Review: Dear Mrs. Bird and Yours Cheerfully by A.J. Pearce

by Joli
Dear Mrs. Bird and Yours Cheerfully

Today, I’m reviewing both Dear Mrs. Bird and Yours Cheerfully from A.J. Pearce’s Emmy Lake Chronicles. Stick around to find out which one I liked more than the other!

Dear Mrs. Bird Summary

London 1940, bombs are falling. Emmy Lake is Doing Her Bit for the war effort, volunteering as a telephone operator with the Auxiliary Fire Services. When Emmy sees an advertisement for a job at the London Evening Chronicle, her dreams of becoming a Lady War Correspondent seem suddenly achievable. But the job turns out to be typist to the fierce and renowned advice columnist, Henrietta Bird. Emmy is disappointed, but gamely bucks up and buckles down.

Mrs Bird is very clear: Any letters containing Unpleasantness—must go straight in the bin. But when Emmy reads poignant letters from women who are lonely, may have Gone Too Far with the wrong men and found themselves in trouble, or who can’t bear to let their children be evacuated, she is unable to resist responding. As the German planes make their nightly raids, and London picks up the smoldering pieces each morning, Emmy secretly begins to write letters back to the women of all ages who have spilled out their troubles.

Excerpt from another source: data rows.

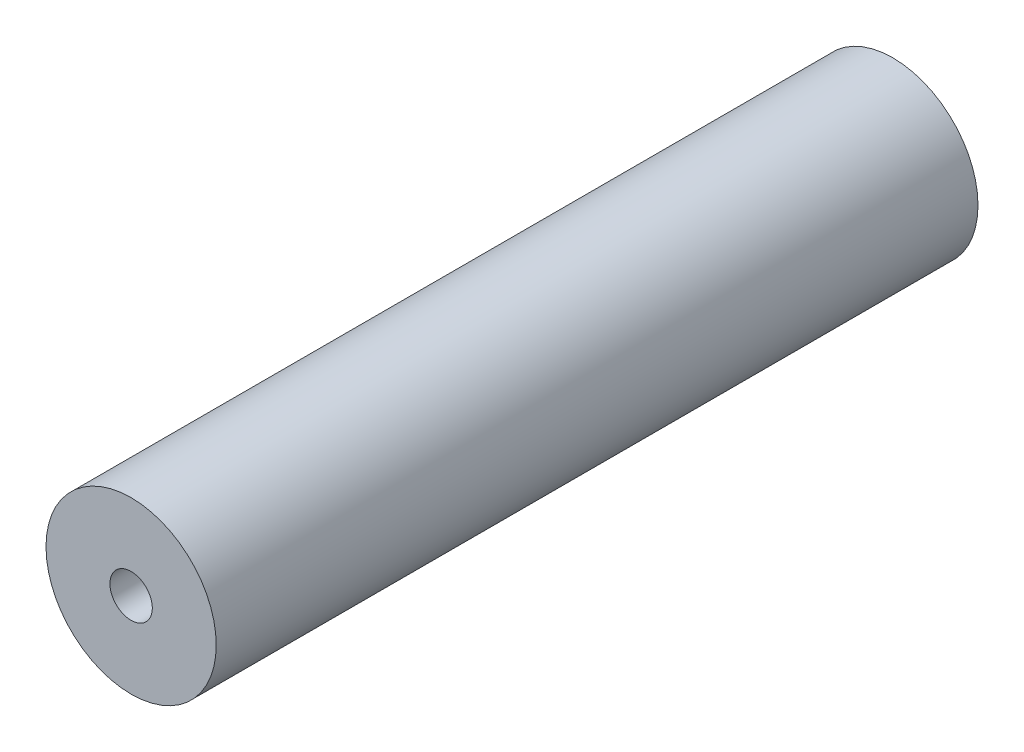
from build123d import *

# Parameters (mm, degrees)
SKETCH1_R           = 10
SKETCH1_R_2         = 2.4892
BOSS_EXTRUDE1_DEPTH = 89.5


with BuildPart() as part:
    # Sketch1 → Boss-Extrude1 (new body)
    with BuildSketch(Plane.XY):
        with Locations(Location((229.226497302, -84.2, 0), (0, 0, 180))):
            Circle(SKETCH1_R)
        with Locations(Location((229.226497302, -84.2, 0), (0, 0, 180))):
            Circle(SKETCH1_R_2, mode=Mode.SUBTRACT)
    extrude(amount=BOSS_EXTRUDE1_DEPTH)


solid = part.part
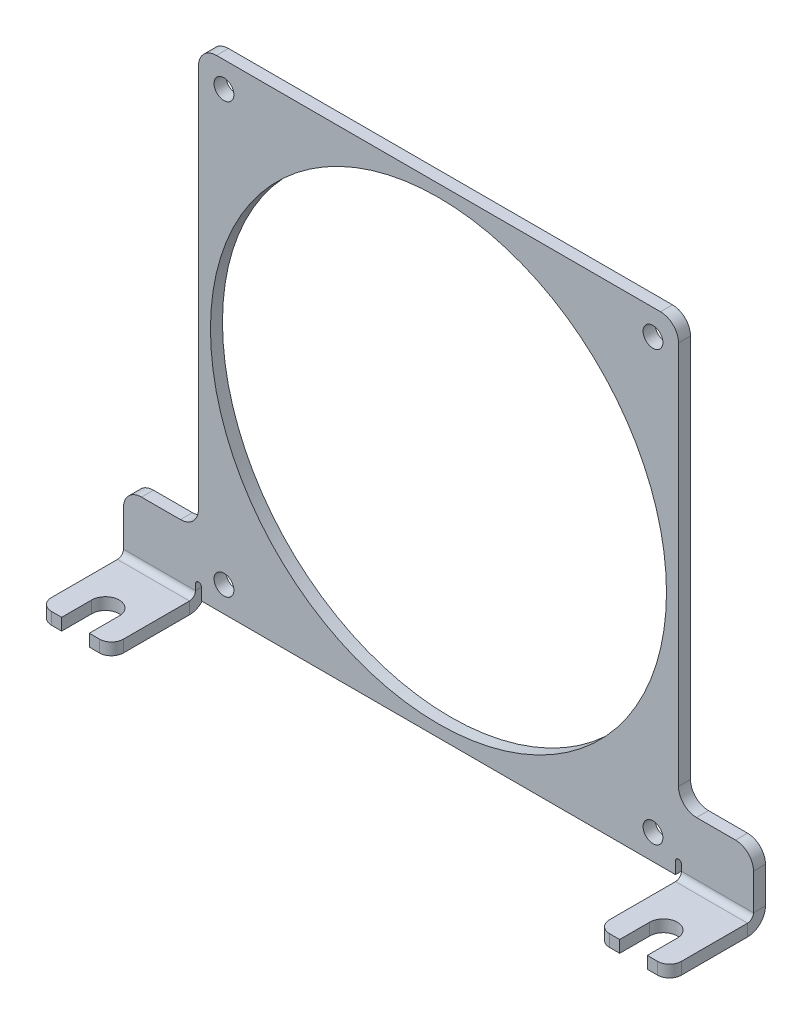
ISO-10303-21;
HEADER;
FILE_DESCRIPTION(('STEP AP214'),'2;1');
FILE_NAME('part.step','',(''),(''),'','','');
FILE_SCHEMA(('AUTOMOTIVE_DESIGN { 1 0 10303 214 1 1 1 1 }'));
ENDSEC;
DATA;
#1=APPLICATION_CONTEXT('core data for automotive mechanical design processes');
#2=APPLICATION_PROTOCOL_DEFINITION('international standard','automotive_design',2000,#1);
#3=PRODUCT_CONTEXT('',#1,'mechanical');
#4=PRODUCT('Part','Part','',(#3));
#5=PRODUCT_RELATED_PRODUCT_CATEGORY('part','',(#4));
#6=PRODUCT_DEFINITION_FORMATION('','',#4);
#7=PRODUCT_DEFINITION_CONTEXT('part definition',#1,'design');
#8=PRODUCT_DEFINITION('design','',#6,#7);
#9=PRODUCT_DEFINITION_SHAPE('','',#8);
#10=(LENGTH_UNIT() NAMED_UNIT(*) SI_UNIT(.MILLI.,.METRE.));
#11=(NAMED_UNIT(*) PLANE_ANGLE_UNIT() SI_UNIT($,.RADIAN.));
#12=(NAMED_UNIT(*) SI_UNIT($,.STERADIAN.) SOLID_ANGLE_UNIT());
#13=UNCERTAINTY_MEASURE_WITH_UNIT(LENGTH_MEASURE(1.E-05),#10,'distance_accuracy_value','');
#14=(GEOMETRIC_REPRESENTATION_CONTEXT(3) GLOBAL_UNCERTAINTY_ASSIGNED_CONTEXT((#13)) GLOBAL_UNIT_ASSIGNED_CONTEXT((#10,
#11,#12)) REPRESENTATION_CONTEXT('',''));
#15=CARTESIAN_POINT('',(0.,0.,0.));
#16=DIRECTION('',(0.,0.,1.));
#17=DIRECTION('',(1.,0.,0.));
#18=AXIS2_PLACEMENT_3D('',#15,#16,#17);
#19=CARTESIAN_POINT('',(0.,0.,-2.));
#20=DIRECTION('',(0.,0.,-1.));
#21=DIRECTION('',(-1.,0.,0.));
#22=AXIS2_PLACEMENT_3D('',#19,#20,#21);
#23=PLANE('',#22);
#24=DIRECTION('',(0.,-1.,0.));
#25=VECTOR('',#24,1.);
#26=CARTESIAN_POINT('',(-52.5,-40.,-2.));
#27=LINE('',#26,#25);
#28=CARTESIAN_POINT('',(-52.5,-33.,-2.));
#29=VERTEX_POINT('',#28);
#30=CARTESIAN_POINT('',(-52.5,-39.,-2.));
#31=VERTEX_POINT('',#30);
#32=EDGE_CURVE('E610',#29,#31,#27,.T.);
#33=ORIENTED_EDGE('',*,*,#32,.F.);
#34=CARTESIAN_POINT('',(-49.5,-33.,-2.));
#35=DIRECTION('',(0.,0.,-1.));
#36=DIRECTION('',(-1.,0.,0.));
#37=AXIS2_PLACEMENT_3D('',#34,#35,#36);
#38=CIRCLE('',#37,3.);
#39=CARTESIAN_POINT('',(-49.5,-30.,-2.));
#40=VERTEX_POINT('',#39);
#41=EDGE_CURVE('E734',#29,#40,#38,.T.);
#42=ORIENTED_EDGE('',*,*,#41,.T.);
#43=DIRECTION('',(1.,0.,0.));
#44=VECTOR('',#43,1.);
#45=CARTESIAN_POINT('',(-40.,-30.,-2.));
#46=LINE('',#45,#44);
#47=CARTESIAN_POINT('',(-43.,-30.,-2.));
#48=VERTEX_POINT('',#47);
#49=EDGE_CURVE('E756',#40,#48,#46,.T.);
#50=ORIENTED_EDGE('',*,*,#49,.T.);
#51=CARTESIAN_POINT('',(-43.,-27.,-2.));
#52=DIRECTION('',(0.,0.,-1.));
#53=DIRECTION('',(-1.,0.,0.));
#54=AXIS2_PLACEMENT_3D('',#51,#52,#53);
#55=CIRCLE('',#54,3.);
#56=CARTESIAN_POINT('',(-40.,-27.,-2.));
#57=VERTEX_POINT('',#56);
#58=EDGE_CURVE('E704',#48,#57,#55,.F.);
#59=ORIENTED_EDGE('',*,*,#58,.T.);
#60=DIRECTION('',(0.,1.,0.));
#61=VECTOR('',#60,1.);
#62=CARTESIAN_POINT('',(-40.,-30.,-2.));
#63=LINE('',#62,#61);
#64=CARTESIAN_POINT('',(-40.,37.,-2.));
#65=VERTEX_POINT('',#64);
#66=EDGE_CURVE('E753',#57,#65,#63,.T.);
#67=ORIENTED_EDGE('',*,*,#66,.T.);
#68=CARTESIAN_POINT('',(-37.,37.,-2.));
#69=DIRECTION('',(0.,0.,-1.));
#70=DIRECTION('',(-1.,0.,0.));
#71=AXIS2_PLACEMENT_3D('',#68,#69,#70);
#72=CIRCLE('',#71,3.);
#73=CARTESIAN_POINT('',(-37.,40.,-2.));
#74=VERTEX_POINT('',#73);
#75=EDGE_CURVE('E58',#65,#74,#72,.T.);
#76=ORIENTED_EDGE('',*,*,#75,.T.);
#77=DIRECTION('',(-1.,0.,0.));
#78=VECTOR('',#77,1.);
#79=CARTESIAN_POINT('',(-52.5,40.,-2.));
#80=LINE('',#79,#78);
#81=CARTESIAN_POINT('',(37.,40.,-2.));
#82=VERTEX_POINT('',#81);
#83=EDGE_CURVE('E606',#82,#74,#80,.T.);
#84=ORIENTED_EDGE('',*,*,#83,.F.);
#85=CARTESIAN_POINT('',(37.,37.,-2.));
#86=DIRECTION('',(0.,0.,-1.));
#87=DIRECTION('',(-1.,0.,0.));
#88=AXIS2_PLACEMENT_3D('',#85,#86,#87);
#89=CIRCLE('',#88,3.);
#90=CARTESIAN_POINT('',(40.,37.,-2.));
#91=VERTEX_POINT('',#90);
#92=EDGE_CURVE('E728',#82,#91,#89,.T.);
#93=ORIENTED_EDGE('',*,*,#92,.T.);
#94=DIRECTION('',(0.,-1.,0.));
#95=VECTOR('',#94,1.);
#96=CARTESIAN_POINT('',(40.,-30.,-2.));
#97=LINE('',#96,#95);
#98=CARTESIAN_POINT('',(40.,-27.,-2.));
#99=VERTEX_POINT('',#98);
#100=EDGE_CURVE('E777',#91,#99,#97,.T.);
#101=ORIENTED_EDGE('',*,*,#100,.T.);
#102=CARTESIAN_POINT('',(43.,-27.,-2.));
#103=DIRECTION('',(0.,0.,-1.));
#104=DIRECTION('',(-1.,0.,0.));
#105=AXIS2_PLACEMENT_3D('',#102,#103,#104);
#106=CIRCLE('',#105,3.);
#107=CARTESIAN_POINT('',(43.,-30.,-2.));
#108=VERTEX_POINT('',#107);
#109=EDGE_CURVE('E697',#99,#108,#106,.F.);
#110=ORIENTED_EDGE('',*,*,#109,.T.);
#111=DIRECTION('',(1.,0.,0.));
#112=VECTOR('',#111,1.);
#113=CARTESIAN_POINT('',(40.,-30.,-2.));
#114=LINE('',#113,#112);
#115=CARTESIAN_POINT('',(49.5,-30.,-2.));
#116=VERTEX_POINT('',#115);
#117=EDGE_CURVE('E786',#108,#116,#114,.T.);
#118=ORIENTED_EDGE('',*,*,#117,.T.);
#119=CARTESIAN_POINT('',(49.5,-33.,-2.));
#120=DIRECTION('',(0.,0.,-1.));
#121=DIRECTION('',(-1.,0.,0.));
#122=AXIS2_PLACEMENT_3D('',#119,#120,#121);
#123=CIRCLE('',#122,3.);
#124=CARTESIAN_POINT('',(52.5,-33.,-2.));
#125=VERTEX_POINT('',#124);
#126=EDGE_CURVE('E731',#116,#125,#123,.T.);
#127=ORIENTED_EDGE('',*,*,#126,.T.);
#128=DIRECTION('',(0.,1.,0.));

Prepare to fall head over heels with Emmy and her best friend, Bunty, who are spirited and gutsy, even in the face of events that bring a terrible blow. As the bombs continue to fall, the irrepressible Emmy keeps writing, and readers are transformed by AJ Pearce’s hilarious, heartwarming, and enormously moving tale of friendship, the kindness of strangers, and ordinary people in extraordinary times.

Yours Cheerfully Summary

London, November 1941. Following the departure of the formidable Henrietta Bird from Woman’s Friend magazine, things are looking up for Emmeline Lake as she takes on the challenge of becoming a young wartime advice columnist. Her relationship with boyfriend Charles (now stationed back in the UK) is blossoming, while Emmy’s best friend Bunty, still reeling from the very worst of the Blitz, is bravely looking to the future. Together, the friends are determined to Make a Go of It.

When the Ministry of Information calls on Britain’s women’s magazines to help recruit desperately needed female workers to the war effort, Emmy is thrilled to be asked to step up and help. But when she and Bunty meet a young woman who shows them the very real challenges that women war workers face, Emmy must tackle a life-changing dilemma between doing her duty and standing by her friends.

My Reviews

When I found out I would be able to receive an ARC of Yours Cheerfully in exchange for an honest review, I decided that I’d read Dear Mrs. Bird first. Although it’s possible for Yours Cheerfully to stand alone, I definitely think reading them in order helped me enjoy the second one more. Although it goes over some of the big points of what happened in Mrs. Bird, I’m glad I read it first.

When I started Dear Mrs. Bird, I had a little bit of a hard time at first getting into the writing style. It’s different than what I’ve read in historical fiction before. The author chooses to capitalize some things, and that’s a style that put me off a little. For instance, Emmy might explain something as “having become Quite the Big Thing.” However, as I kept reading, I got more used to it and it didn’t bother me quite so much. Still, the grammarian in me had kind of a hard time!

The plot was really light to begin with, but it got deeper and less fluffy for sure. Still, even when the subject matter got heavy with war fallout, Emmy is so good-natured and talks in such a…sweet? way that it’s heavy without feeling too gloomy.

Overall, I found Dear Mrs. Bird light, yet it tackles difficult subject matter. The portrayal of friendship was so heartwarming, it was just a fun read. I gave it 4.5 stars overall.

Yours Cheerfully had the same feel to it, and the same style. The same capitalizations. I once again enjoyed Emmy’s spirit, but unfortunately I didn’t end up loving this one as much as Dear Mrs. Bird.

While the story focused a lot of women’s empowerment, which was fun to read, it didn’t get as serious as Mrs. Bird. It just stayed on the light side of things for me the whole time.

And because it stayed light, I have to admit I got a little bit bored. I felt invested in the story and liked it enough to keep going, but I was somewhat disappointed.

So for ratings, I gave Dear Mrs. Bird 4.5 stars and Yours Cheerfully 3. If you’re a historical fiction lover, definitely pick up Dear Mrs. Bird! But I’ll leave Yours Cheerfully up to you.